***** PROVIDED RECORDS *****
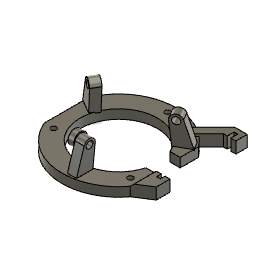
aball_v15 (Autodesk Fusion 360 design; units mm, degrees)
Autodesk Fusion 360 part; units mm, degrees
(part 1 of 2)
sphere "SpherePrimitive1" add diameter 38.1 placed x (1, 0, 0) y (0, 0, -1) z (0, 1, 0) at (0, 0, 0) makes body 1
ref_plane "WorkPlane1" through (0, -19.05, 0) normal (0, 1, 0) x (0, 0, 1)
mesh "Mesh1" [no effect]
ref_plane "WorkPlane2" through (0, -17.55, 0) normal (0, 1, 0) x (0, 0, 1)
sketch "bearing_38" plane through (0, 0, 0) normal (1, 0, 0) x (0, 0, -1)
  circle A0 centre (0, 0) radius 22.05 construction
  circle A1 centre (-18.1301, -12.55) radius 3
  circle A2 centre (-18.1301, -12.55) radius 1.5
  line L0 (-30, 0) -> (28, 0) construction
  line L1 (-30, -19.05) -> (30, -19.05) construction
  dimension "d13" = 44.1
  dimension "d14" = 6
  dimension "d15" = 3
  dimension "d16" = 19.05
  dimension "d17" = 6.5
  constraint coincident A0.centre origin
  constraint coincident A0 A1.centre
  constraint concentric A1 A2
  constraint horizontal L0
  constraint horizontal L1
  measures "d13" diameter of A0
  measures "d14" diameter of A1
  measures "d15" diameter of A2
  measures "d16" distance of L0 L1
  measures "d17" distance of A1.centre L1
sketch "bearing_holder_38" plane through (0, 0, 0) normal (1, 0, 0) x (0, 0, -1)
  circle A0 centre (-18.1301, -12.55) radius 2.5
  line L0 (-24.0474, -23.0415) -> (-20.5151, -11.8006)
  line L1 (-15.6305, -12.5064) -> (-16.7406, -23.0415)
  line L2 (-16.7406, -23.0415) -> (-24.0474, -23.0415)
  line L3 (0, -14.55) -> (0, -11.55)
  circle A1 centre (-18.1301, -12.55) radius 1.5
  point P0 (0, -13.05)
  point P1 (-18.1301, -12.55)
  dimension "d18" = 5
  constraint coincident A0 L0.end
  constraint tangent A0 L0
  constraint coincident A0 L1.start
  constraint horizontal L2
  constraint coincident P1 A0.centre
  measures "d18" diameter of A0
extrude "Extrude1" add sketch "bearing_38" along normal mid plane 2.5 separate body makes body 2
sketch "a9800_dimensino" plane through (0, 0, 0) normal (0, 1, 0) x (1, 0, 0)
  circle A0 centre (0, 0) radius 15.8
  line L0 (9.75, -10.75) -> (-9.75, -10.75)
  line L1 (-9.75, -10.75) -> (-9.75, 10.75)
  line L2 (-9.75, 10.75) -> (9.75, 10.75)
  line L3 (9.75, 10.75) -> (9.75, -10.75)
  line L4 (9.75, -10.75) -> (-9.75, 10.75) construction
  line L5 (-9.75, -10.75) -> (9.75, 10.75) construction
  line L6 (7.5, -8) -> (-7.5, -8)
  line L7 (-7.5, -8) -> (-7.5, 8)
  line L8 (-7.5, 8) -> (7.5, 8)
  line L9 (7.5, 8) -> (7.5, -8)
  line L10 (7.5, -8) -> (-7.5, 8) construction
  line L11 (-7.5, -8) -> (7.5, 8) construction
  circle A1 centre (0, 13.05) radius 1.25
  line L12 (-1.5901, 14.3) -> (1.6928, 14.3) construction
  line L13 (-2.2181, 15.8) -> (-2, 15.8)
  line L14 (-2, 15.8) -> (2, 15.8) construction
  circle A2 centre (0, -13.05) radius 1.25
  line L15 (-3.1209, -14.3) -> (2.5, -14.3) construction
  line L16 (-3, -15.8) -> (2.5, -15.8) construction
  line L17 (0, 40) -> (0, -43.8332) construction
  dimension "d32" = 31.6
  dimension "d33" = 21.5
  dimension "d34" = 19.5
  dimension "d35" = 15
  dimension "d36" = 16
  dimension "d37" = 2.5
  dimension "d38" = 1.5
  dimension "d39" = 2.5
  dimension "d40" = 1.5
  constraint coincident A0.centre origin
  constraint perpendicular L0 L1
  constraint parallel L0 L2
  constraint parallel L1 L3
  constraint horizontal L0
  constraint coincident L4 A0.centre
  constraint coincident L5 A0.centre
  constraint perpendicular L6 L7
  constraint parallel L6 L8
  constraint parallel L7 L9
  constraint horizontal L6
  constraint coincident L10 A0.centre
  constraint coincident L11 A0.centre
  constraint horizontal L12
  constraint parallel L12 L13
  constraint parallel L12 L14
  constraint tangent A0 L14
  constraint tangent A1 L12
  constraint horizontal L15
  constraint horizontal L16
  constraint tangent A0 L16
  constraint vertical L17
  constraint coincident A2.centre L17
  constraint tangent A2 L15
  measures "d32" diameter of A0
  measures "d33" distance of L0.end L1.end
  measures "d34" distance of L1.end L2.end
  measures "d35" distance of L7.end L8.end
  measures "d36" distance of L6.end L7.end
  measures "d37" diameter of A1
  measures "d38" distance of L12 L14
  measures "d39" diameter of A2
  measures "d40" distance of L15 L16
extrude "Extrude4" add sketch "a9800_dimensino" along normal blind 1.7 separate body contours A0 | L0 L1 L2 L3 | L6 L7 L8 L9 makes body 3
extrude "Extrude5" add sketch "a9800_dimensino" along normal blind 5 separate body contours L0 L1 L2 L3 | L6 L7 L8 L9 makes body 4
extrude "Extrude6" add sketch "a9800_dimensino" against normal blind 3 separate body contours L6 L7 L8 L9 makes body 5
combine "Combine3" operation add target body 3 tool bodies 4 5
copy_body "CopyPasteBodies3" bodies 3 makes body 6
move_body "Move4" bodies 6 to x (1, 0, 0) y (0, 1, 0) z (0, 0, 1) at (0, -30, 0)
move_body "Move5" bodies 6 to x (1, 0, 0) y (0, 1, 0) z (0, 0, 1) at (0, 3, 0)
move_body "Move6" bodies 6 to x (1, 0, 0) y (0, 1, 0) z (0, 0, 1) at (0, 2, 0)
move_body "Move7" bodies 6 to x (1, 0, 0) y (0, 1, 0) z (0, 0, 1) at (0, 0.15, 0)
move_body "Move8" bodies 6 to x (1, 0, 0) y (0, 1, 0) z (0, 0, 1) at (0, 0.5, 0)
move_face "MoveFace1" by (0, 0.02, 0) 1 faces at (-9.75, -20.45, 3.5833) on bodies 6
move_body "Move9" bodies 6 to x (1, 0, 0) y (0, 1, 0) z (0, 0, 1) at (0, 0.2, 0)
move_body "Move10" bodies 6 to x (1, 0, 0) y (0, 1, 0) z (0, 0, 1) at (0, -2.3, 0)
move_body "Move11" bodies 6 to x (1, 0, 0) y (0, 1, 0) z (0, 0, 1) at (0, 0.1, 0)
move_body "Move12" bodies 6 to x (0.34202, 0.939693, 0) y (-0.939693, 0.34202, 0) z (0, 0, 1) at (0, 0, 0)
ref_plane "WorkPlane5" through (0, -28, 0) normal (0, 1, 0) x (0, 0, 1)
ref_plane "WorkPlane6" through (0, -11, 0) normal (0, 1, 0) x (0, 0, 1)
ref_plane "WorkPlane7" through (0, -26.5, 0) normal (0, 1, 0) x (0, 0, 1)
move_body "Move13" bodies 6 to x (0, 0, -1) y (0, 1, 0) z (1, 0, 0) at (0, 0, 0)
mesh "Mesh2" [no effect]
sketch "Kyria_footprint" plane through (46, -28, 42) normal (0, 1, 0) x (1, 0, 0)
  line L0 (-210.8879, -20.4424) -> (-220.8051, -30.3595)
  circle A0 centre (-87.084, 9.634) radius 1.1
  arc A1 (-165.3859, -1.5948) -> (-210.8879, -20.4424) centre (-165.3859, -65.9444) ccw
  arc A2 (-128.8109, 1.9052) -> (-132.3109, -1.5948) centre (-132.3109, 1.9052) cw
  line L1 (-83.425, 74.1919) -> (-83.425, 9.475)
  arc A3 (-205.7208, 93.1275) -> (-85.2151, 77.2458) centre (-165.3859, -65.9444) cw
  circle A4 centre (-231.9682, 80.7528) radius 1.1
  circle A5 centre (-86.7356, 74.2991) radius 1.1
  circle A6 centre (-243.225, 19.2739) radius 1.1
  circle A7 centre (-256.3598, 5.4201) radius 1.1
  arc A8 (-85.2151, 77.2458) -> (-83.425, 74.1919) centre (-86.925, 74.1919) cw
  circle A9 centre (-223.2799, -27.6598) radius 1.1
  arc A10 (-245.225, 52.0721) -> (-246.225, 53.0721) centre (-245.225, 53.0721) cw
  arc A11 (-259.0595, 2.9452) -> (-259.0595, 7.8949) centre (-256.5847, 5.4201) cw
  line L2 (-228.225, 77.6065) -> (-207.475, 77.6065)
  arc A12 (-220.8051, -30.3595) -> (-225.7548, -30.3595) centre (-223.2799, -27.8847) cw
  arc A13 (-239.225, 51.0721) -> (-240.225, 52.0721) centre (-240.225, 51.0721) ccw
  line L3 (-225.7548, -30.3595) -> (-259.0595, 2.9452)
  line L4 (-240.225, 52.0721) -> (-245.225, 52.0721)
  arc A14 (-206.475, 92.1582) -> (-205.7208, 93.1275) centre (-205.475, 92.1582) cw
  arc A15 (-249.1424, 17.8121) -> (-239.5985, 26.3746) centre (-165.3859, -65.9444) cw
  line L5 (-246.225, 53.0721) -> (-246.225, 74.8141)
  arc A16 (-244.4104, 77.8815) -> (-230.6225, 84.6377) centre (-165.3859, -65.9444) cw
  arc A17 (-229.225, 78.6065) -> (-228.225, 77.6065) centre (-228.225, 78.6065) ccw
  arc A18 (-125.3109, 5.975) -> (-128.8109, 2.475) centre (-125.3109, 2.475) ccw
  arc A19 (-230.6225, 84.6377) -> (-229.225, 83.7201) centre (-230.225, 83.7201) cw
  arc A20 (-207.475, 77.6065) -> (-206.475, 78.6065) centre (-207.475, 78.6065) ccw
  line L6 (-259.0595, 7.8949) -> (-249.1424, 17.8121)
  arc A21 (-246.225, 74.8141) -> (-244.4104, 77.8815) centre (-242.725, 74.8141) cw
  line L7 (-229.225, 83.7201) -> (-229.225, 78.6065)
  line L8 (-128.8109, 2.475) -> (-128.8109, 1.9052)
  line L9 (-132.3109, -1.5948) -> (-165.3859, -1.5948)
  line L10 (-86.925, 5.975) -> (-125.3109, 5.975)
  arc A22 (-83.425, 9.475) -> (-86.925, 5.975) centre (-86.925, 9.475) cw
  arc A23 (-239.5985, 26.3746) -> (-239.225, 27.154) centre (-240.225, 27.154) ccw
  line L11 (-239.225, 27.154) -> (-239.225, 51.0721)
  line L12 (-206.475, 78.6065) -> (-206.475, 92.1582)
  circle A24 centre (-243.225, 55.0721) radius 1.1
  circle A25 centre (-203.5672, 90.5701) radius 1.1
copy_body "CopyPasteBodies6" bodies 2 makes body 7
move_body "Move16" bodies 7 to x (-0.5, 0, -0.866025) y (0, 1, 0) z (0.866025, 0, -0.5) at (0, 0, 0)
copy_body "CopyPasteBodies7" bodies 2 makes body 8
move_body "Move22" bodies 6 to x (1, 0, 0) y (0, 0.34202, -0.939693) z (0, 0.939693, 0.34202) at (0, 0, 0)
move_body "Move17" bodies 8 to x (-0.5, 0, 0.866025) y (0, 1, 0) z (-0.866025, 0, -0.5) at (0, 0, 0)
move_body "Move23" bodies 6 to x (0, 0, -1) y (0, 1, 0) z (1, 0, 0) at (0, 0, 0)
sketch "holder" plane through (0, -26.5, 0) normal (0, 1, 0) x (1, 0, 0)
  circle A0 centre (0, 0) radius 25
  circle A1 centre (0, 0) radius 17
  line L0 (0, 0) -> (25, 0) construction
  line L1 (0, 0) -> (25, 0) construction
  line L2 (20, 18) -> (20, -15)
  circle A2 centre (-18.8875, -9.75) radius 1.2
  circle A3 centre (0, 21.5) radius 1.2
  circle A4 centre (16.8875, -11.75) radius 1.2
  line L3 (-23, 13) -> (-23, -12)
  dimension "d162" = 50
  dimension "d163" = 34
  dimension "d242" = 2.4
  dimension "d243" = 2.4
  dimension "d244" = 2.4
  constraint coincident A0.centre A1.centre
  constraint concentric A0 A1
  constraint horizontal L0
  constraint horizontal L1
  constraint vertical L2
  constraint vertical L3
  measures "d162" diameter of A0
  measures "d163" diameter of A1
  measures "d242" diameter of A2
  measures "d243" diameter of A3
  measures "d244" diameter of A4
extrude "Extrude27" add sketch "holder" along normal blind 4 separate body contours A0 L2 L3 makes body 9
extrude "Extrude28" add sketch "bearing_holder_38" along normal blind 4 from surface at 1.25 separate body contours A0 L1 | A0 L0 L1 L2 picked at (-15.9906, -12.7979) makes body 10
pattern_circular "C-Pattern1" count 3 over 360 about axis through (0, 1.75, 0) along (0, 1, 0) of bodies 10 makes body 11 at (14.5414, -20.0098, -14.4576) makes body 12 at (-19.7914, -20.0098, -5.3644)
sketch "micro_holder" plane through (0, -26.5, 0) normal (0, 1, 0) x (1, 0, 0)
  line L0 (23.2, -6.5) -> (24.8, -6.5)
  line L1 (20, -10.5) -> (20, -6.5)
  line L2 (23.2, -6.5) -> (23.2, -4.5)
  line L3 (23.2, -4.5) -> (20, -4.5)
  line L4 (20, -4.5) -> (20, -6.5)
  line L5 (24.8, -4.5) -> (27, -4.5)
  line L6 (24.8, -6.5) -> (24.8, -4.5)
  line L7 (24.8, 27.5) -> (23.2, 27.5)
  line L8 (21.5, 27.5) -> (21.5, 29.5)
  line L9 (21.5, 29.5) -> (27, 29.5)
  line L10 (27, 24.5) -> (24.8, 24.5)
  line L11 (24.8, 24.5) -> (24.8, 27.5)
  line L12 (23.2, 27.5) -> (23.2, 24.5)
  line L13 (23.2, 24.5) -> (21.5, 24.5)
  line L14 (21.5, 24.5) -> (21.5, 27.5)
  line L15 (21.5, 29.5) -> (9.7205, 17.7205)
  line L16 (21.5, 29.5) -> (34.4035, 29.5) construction
  line L17 (21.5, 24.5) -> (12.8239, 15.8239)
  line L18 (21.5, 24.5) -> (30.0147, 24.5) construction
  line L19 (9.7205, 17.7205) -> (12.8239, 15.8239)
  line L20 (27, -10.5) -> (20, -15)
  line L21 (20, -15) -> (20, -10.5)
  line L22 (27, 24.5) -> (27, 29.5)
  line L23 (27, -4.5) -> (27, -10.5)
  dimension "d200" = 4
  dimension "d201" = 135
  dimension "d202" = 135
  dimension "d383" = 1.6
  constraint horizontal L0
  constraint vertical L1
  constraint vertical L2
  constraint horizontal L3
  constraint vertical L4
  constraint horizontal L5
  constraint vertical L6
  constraint horizontal L7
  constraint vertical L8
  constraint horizontal L9
  constraint horizontal L10
  constraint vertical L11
  constraint vertical L12
  constraint horizontal L13
  constraint vertical L14
  constraint coincident L7 L8.start
  constraint horizontal L16
  constraint horizontal L18
  constraint collinear L6 L11
  constraint perpendicular L16 L22
  constraint collinear L2 L12
  measures "d200" distance of L1.end L1.start
  measures "d201" angle of L15 L16
  measures "d202" angle of L17 L18
  measures "d383" distance of L2 L5.start
sketch "case_body_guides" plane through (0, -28, 0) normal (0, 1, 0) x (1, 0, 0)
  line L0 (0, 70) -> (0, -60) construction
  line L1 (34, 26.9443) -> (34, -18.401)
  line L2 (11.4009, -41) -> (-25, -41)
  line L3 (-29, -37) -> (-29, 26.9855)
  arc A0 (30.9987, 30.8176) -> (-25.993, 30.8603) centre (2.4198, -80.0119) ccw
  arc A1 (-25.993, 30.8603) -> (-29, 26.9855) centre (-25, 26.9855) ccw
  arc A2 (-29, -37) -> (-25, -41) centre (-25, -37) ccw
  arc A3 (34, 26.9443) -> (30.9987, 30.8176) centre (30, 26.9443) ccw
  line L4 (-23, -31) -> (-23, 22.3021)
  arc A4 (28.16, 25.4237) -> (-19.8196, 26.2173) centre (2.4198, -80.0119) ccw
  line L5 (18.1274, 27.3776) -> (21.5156, 31.1472)
  line L6 (29.1545, 31.2768) -> (29.1545, 28.4999)
  line L7 (29.1545, 28.4999) -> (28.1728, 28.4999)
  line L8 (28.16, 25.4237) -> (28.1728, 28.4999)
  line L9 (32.8284, -21.2294) -> (14.2294, -39.8284)
  line L10 (26.8132, -18.7593) -> (11.7441, -33.8284)
  arc A5 (11.4009, -41) -> (14.2294, -39.8284) centre (11.4009, -37) ccw
  arc A6 (32.8284, -21.2294) -> (34, -18.401) centre (30, -18.401) ccw
  line L11 (-19, -35) -> (8.9157, -35)
  line L12 (27.9847, -15.9479) -> (28.16, 25.4237)
  circle A7 centre (-25, -37) radius 1.2
  arc A8 (-23, -31) -> (-19, -35) centre (-19, -31) ccw
  arc A9 (8.9157, -35) -> (11.7441, -33.8284) centre (8.9157, -31) ccw
  arc A10 (26.8132, -18.7593) -> (27.9847, -15.9479) centre (23.9848, -15.9309) ccw
  arc A11 (-19.8196, 26.2173) -> (-23, 22.3021) centre (-19, 22.3021) ccw
  circle A12 centre (-25, -37) radius 1.75
  circle A13 centre (-25, 26.9855) radius 1.2
  circle A14 centre (-25, 26.9855) radius 1.75
  circle A15 centre (17, 31) radius 1.2
  circle A16 centre (17, 31) radius 1.75
  circle A17 centre (31, 26) radius 1.2
  circle A18 centre (31, 26) radius 1.75
  circle A19 centre (11, -38) radius 1.2
  circle A20 centre (11, -38) radius 1.75
  circle A21 centre (31, -18) radius 1.2
  circle A22 centre (31, -18) radius 1.75
  line L13 (21.5156, 31.1472) -> (21.5156, 32.8388)
  circle A23 centre (31, 4) radius 1.2
  circle A24 centre (31, 4) radius 1.75
  line L14 (28.0545, 0.5306) -> (34, 0.5306)
  line L15 (28.0414, -2.5651) -> (34, -2.5651)
  point P0 (34, 30)
  point P1 (34, -41)
  dimension "d213" = 71
  dimension "d214" = 4
  dimension "d217" = 6
  dimension "d218" = 4
  dimension "d219" = 4
  dimension "d220" = 2.4
  dimension "d221" = 4
  dimension "d222" = 3.5
  dimension "d223" = 2.4
  dimension "d224" = 3.5
  dimension "d225" = 2.4
  dimension "d226" = 3.5
  dimension "d227" = 2.4
  dimension "d228" = 3.5
  dimension "d229" = 2.4
  dimension "d230" = 3.5
  dimension "d231" = 2.4
  dimension "d232" = 3.5
  dimension "d320" = 2.4
  dimension "d321" = 3.5
  constraint vertical L0
  constraint vertical L1
  constraint horizontal L2
  constraint vertical L3
  constraint tangent A0 A1
  constraint tangent L3 A1
  constraint tangent L3 A2
  constraint tangent L2 A2
  constraint equal A1 A2
  constraint coincident P1 L2
  constraint coincident P1 L1
  constraint coincident P0 L1
  constraint coincident P0 A0
  constraint tangent L1 A3
  constraint tangent A0 A3
  constraint equal A1 A3
  constraint coincident A4 L5.start
  constraint coincident A0 L6.start
  constraint perpendicular L6 L7
  constraint parallel L9 L10
  constraint parallel L3 L4
  constraint concentric A0 A4
  constraint tangent L9 A5
  constraint tangent L2 A5
  constraint tangent L1 A6
  constraint tangent L9 A6
  constraint concentric A2 A7
  constraint tangent L4 A8
  constraint tangent L11 A8
  constraint tangent L11 A9
  constraint tangent L10 A9
  constraint equal A8 A9
  constraint tangent L10 A10
  constraint tangent L12 A10
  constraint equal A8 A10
*****
[TASK DIRECTIONS] Wherever the string "distance" appears in a line of the records, copy that line.

[REPLY]
  measures "d16" distance of L0 L1
  measures "d17" distance of A1.centre L1
  measures "d33" distance of L0.end L1.end
  measures "d34" distance of L1.end L2.end
  measures "d35" distance of L7.end L8.end
  measures "d36" distance of L6.end L7.end
  measures "d38" distance of L12 L14
  measures "d40" distance of L15 L16
  measures "d200" distance of L1.end L1.start
  measures "d383" distance of L2 L5.start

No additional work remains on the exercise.